Merge pull request #641 from wheresmyhair/main

research4pan · web-flow · commit dcda53bbf7f3 · 2023-09-11T23:12:39.000+08:00
add readme for speculative decoding
diff --git a/scripts/speculative_decoding/README.md b/scripts/speculative_decoding/README.md
@@ -0,0 +1,69 @@
+# Speculative Decoding
+## Introduction
+[Speculative Decoding (Ref: arXiv:2211.17192v2)](https://arxiv.org/abs/2211.17192) is now available for playing via:
+```bash
+python ./examples/speculative_inference.py \ 
+  --model            # your_model_name_or_path 
+  --draft_model      # your_draft_model_name_or_path 
+  --temperature      # your_temperature 
+  --gamma            # your_gamma
+  --max_new_tokens   # your_max_new_tokens
+  --gpu              # your_gpu_id
+```
+For example, 
+```bash
+python ./examples/speculative_inference.py \ 
+  --model gpt2-xl 
+  --draft_model gpt2 
+  --temperature 0.3 
+  --gamma 5
+  --max_new_tokens 512
+  --gpu 0
+```
+Another example,
+```bash
+python ./examples/speculative_inference.py \ 
+  --model /home/eric/Documents/models/gpt2-xl 
+  --draft_model /home/eric/Documents/models/gpt2 
+  --temperature 0 
+  --gamma 3
+  --max_new_tokens 1024
+  --gpu 7
+```
+## Parameter Instruction
+`model`, `draft_model`
+- Huggingface model name or locally cached model path.
+-  Currently only supports huggingface decoder only models. 
+-  `model` refers to the target model (i.e., the large model you want to accelerate) in the paper. 

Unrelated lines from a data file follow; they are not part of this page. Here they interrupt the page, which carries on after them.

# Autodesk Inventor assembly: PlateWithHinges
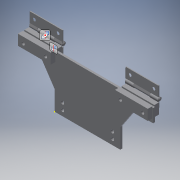
[picture p0: Inventor's stored thumbnail of the model, 180x180]
Saved by Autodesk Inventor 2017 (Build 210142000, 142)
## iProperties
Created: 2017-04-06
Part Number: PlateWithHinges
Document SubType Name: Assembly
Designer: s4461999
Author: s4461999
## Documents named in this file (4)
- U:\CAD\PlateWithHinges.iam
- U:\CAD\plate.ipt
- U:\CAD\adjustmentHingePlate.ipt
- U:\CAD\Hinge\SierraPacific-BH7015ZN.ipt
## Components (7 placed, 3 different names)
1. plate:1 — Mate:1, Mate:2, Mate:3, Mate:4
2. adjustmentHingePlate:1 — Mate:2, Mate:8, Mate:10
3. adjustmentHingePlate:2 — Mate:1, Mate:5, Mate:6, Mate:7
4. adjustmentHingePlate:3 — Mate:4
5. adjustmentHingePlate:4 — Mate:3
6. SierraPacific-BH7015ZN:1 — Mate:5, Mate:6, Mate:7, Mate:9
7. SierraPacific-BH7015ZN:3 — Mate:8, Mate:9, Mate:10
## Relationships (10: Mate 10)
- Mate:1: plate:1 ↔ adjustmentHingePlate:2
- Mate:2: plate:1 ↔ adjustmentHingePlate:1
- Mate:3: plate:1 ↔ adjustmentHingePlate:4
- Mate:4: plate:1 ↔ adjustmentHingePlate:3
- Mate:5: adjustmentHingePlate:2 ↔ SierraPacific-BH7015ZN:1
- Mate:6: adjustmentHingePlate:2 ↔ SierraPacific-BH7015ZN:1
- Mate:7 (2.07 mm): adjustmentHingePlate:2 ↔ SierraPacific-BH7015ZN:1
- Mate:8: adjustmentHingePlate:1 ↔ SierraPacific-BH7015ZN:3
- Mate:9: SierraPacific-BH7015ZN:1 ↔ SierraPacific-BH7015ZN:3
- Mate:10: adjustmentHingePlate:1 ↔ SierraPacific-BH7015ZN:3

+-  `draft_model` refers to the draft model in the paper.
+
+`temperature`
+- Temperature for sampling. When temperature <= 1e-6, will use argmax sampling.
+
+`gamma`
+- Number of tokens that the draft model will generate at each step. See the paper for more details.
+
+`max_new_tokens`
+- Maximum number of tokens that the speculative inference will generate.
+- TODO: currently the speculative decoding will always generate `max_new_tokens` tokens. We will add a `stop_token` in the future.
+
+`gpu`
+- gpu id, currently speculative inference only support single gpu.
+
+## Experiments
+We tested the speculative inference using the first 100 inputs from alpaca test dataset as prompts. When `model=gpt2-xl`, `draft_model=gpt2`, `temperature=0.`, `max_new_tokens=512`, we observed the following acceleration:
+
+|gamma|speedup (inference time)|speed up (num of forwards)
+|--|--|--|
+|1|1.75x|1.96x|
+|2|2.29x|2.89x|
+|3|2.71x|3.77x|
+|4|3.06x|4.63x|
+|5|3.35x|5.44x|
+|6|3.65x|6.23x|
+|7|3.82x|6.94x|
+|8|3.96x|7.64x|
+|9|4.05x|8.33x|
+|10|4.14x|9.00x|
+
+Note that the speedup may be overestimated. When `temperature=0`, `gpt2-xl` and `gpt2` tend to generate duplicated tokens as the number of tokens generated increases, thus making the target model more likely to accept the draft model's output.